▶ _WHAT TO PRODUCE_: With the line containing "#8195 = DIRECTION" as the first line and the last line of the records as the final one, reproduce that range exactly.

▶ _EXTRACTED ENTRIES_:
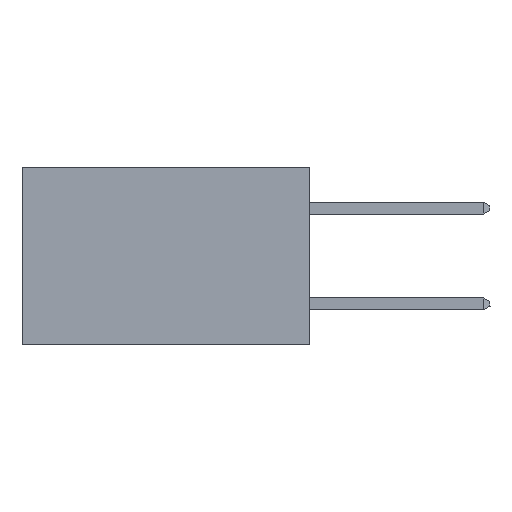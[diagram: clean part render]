
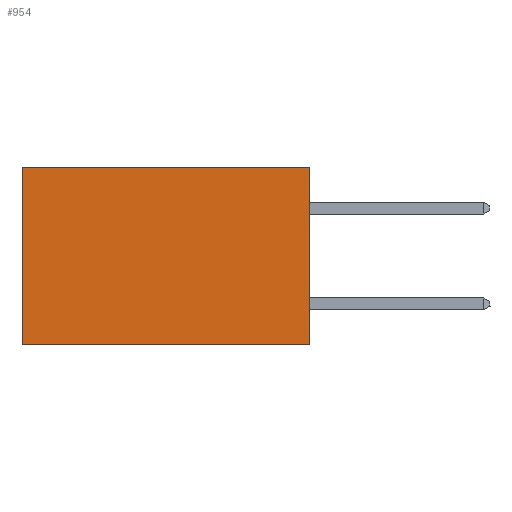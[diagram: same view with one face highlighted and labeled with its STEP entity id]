
A CAD part, left-side view. The second image highlights one B-rep face of the part: STEP entity #954.
In plain terms, the highlighted planar face has unit normal (-1, 0, 0).
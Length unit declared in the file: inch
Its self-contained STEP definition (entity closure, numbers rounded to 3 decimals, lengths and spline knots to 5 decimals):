
#292 = LINE ( 'NONE', #2443, #4670 ) ;
#941 = DIRECTION ( 'NONE',  ( 0., 1., 0. ) ) ;
#954 = ADVANCED_FACE ( 'NONE', ( #6297 ), #8126, .F. ) ;
#1356 = CARTESIAN_POINT ( 'NONE',  ( 0.2875, 0., -0.37 ) ) ;
#1433 = EDGE_CURVE ( 'NONE', #6693, #2100, #10129, .T. ) ;
#1561 = VECTOR ( 'NONE', #941, 39.37008 ) ;
#2100 = VERTEX_POINT ( 'NONE', #1356 ) ;
#2130 = AXIS2_PLACEMENT_3D ( 'NONE', #9195, #8836, #7712 ) ;
#2254 = CARTESIAN_POINT ( 'NONE',  ( 0.2875, 0.6, -0.37 ) ) ;
#2322 = LINE ( 'NONE', #8020, #10501 ) ;
#2361 = EDGE_LOOP ( 'NONE', ( #2777, #10320, #3792, #6250 ) ) ;
#2443 = CARTESIAN_POINT ( 'NONE',  ( 0.2875, 0., 0. ) ) ;
#2568 = CARTESIAN_POINT ( 'NONE',  ( 0.2875, 0., -0.37 ) ) ;
#2777 = ORIENTED_EDGE ( 'NONE', *, *, #5687, .T. ) ;
#3544 = CARTESIAN_POINT ( 'NONE',  ( 0.2875, 0., 0. ) ) ;
#3792 = ORIENTED_EDGE ( 'NONE', *, *, #1433, .F. ) ;
#4474 = EDGE_CURVE ( 'NONE', #6693, #6157, #292, .T. ) ;
#4670 = VECTOR ( 'NONE', #8195, 39.37008 ) ;
#5263 = EDGE_CURVE ( 'NONE', #2100, #6848, #10511, .T. ) ;
#5592 = DIRECTION ( 'NONE',  ( 0., 0., -1. ) ) ;
#5687 = EDGE_CURVE ( 'NONE', #6157, #6848, #2322, .T. ) ;
#6157 = VERTEX_POINT ( 'NONE', #7011 ) ;
#6250 = ORIENTED_EDGE ( 'NONE', *, *, #4474, .T. ) ;
#6297 = FACE_OUTER_BOUND ( 'NONE', #2361, .T. ) ;
#6693 = VERTEX_POINT ( 'NONE', #3544 ) ;
#6848 = VERTEX_POINT ( 'NONE', #2254 ) ;
#7011 = CARTESIAN_POINT ( 'NONE',  ( 0.2875, 0.6, 0. ) ) ;
#7712 = DIRECTION ( 'NONE',  ( 0., 0., -1. ) ) ;
#8020 = CARTESIAN_POINT ( 'NONE',  ( 0.2875, 0.6, 0. ) ) ;
#8126 = PLANE ( 'NONE',  #2130 ) ;
#8195 = DIRECTION ( 'NONE',  ( 0., 1., 0. ) ) ;
#8362 = CARTESIAN_POINT ( 'NONE',  ( 0.2875, 0., 0. ) ) ;
#8501 = DIRECTION ( 'NONE',  ( 0., 0., -1. ) ) ;
#8721 = VECTOR ( 'NONE', #8501, 39.37008 ) ;
#8836 = DIRECTION ( 'NONE',  ( 1., 0., 0. ) ) ;
#9195 = CARTESIAN_POINT ( 'NONE',  ( 0.2875, 0., 0. ) ) ;
#10129 = LINE ( 'NONE', #8362, #8721 ) ;
#10320 = ORIENTED_EDGE ( 'NONE', *, *, #5263, .F. ) ;
#10501 = VECTOR ( 'NONE', #5592, 39.37008 ) ;
#10511 = LINE ( 'NONE', #2568, #1561 ) ;

▶ _ANSWER SECTION_:
#8195 = DIRECTION ( 'NONE',  ( 0., 1., 0. ) ) ;
#8362 = CARTESIAN_POINT ( 'NONE',  ( 0.2875, 0., 0. ) ) ;
#8501 = DIRECTION ( 'NONE',  ( 0., 0., -1. ) ) ;
#8721 = VECTOR ( 'NONE', #8501, 39.37008 ) ;
#8836 = DIRECTION ( 'NONE',  ( 1., 0., 0. ) ) ;
#9195 = CARTESIAN_POINT ( 'NONE',  ( 0.2875, 0., 0. ) ) ;
#10129 = LINE ( 'NONE', #8362, #8721 ) ;
#10320 = ORIENTED_EDGE ( 'NONE', *, *, #5263, .F. ) ;
#10501 = VECTOR ( 'NONE', #5592, 39.37008 ) ;
#10511 = LINE ( 'NONE', #2568, #1561 ) ;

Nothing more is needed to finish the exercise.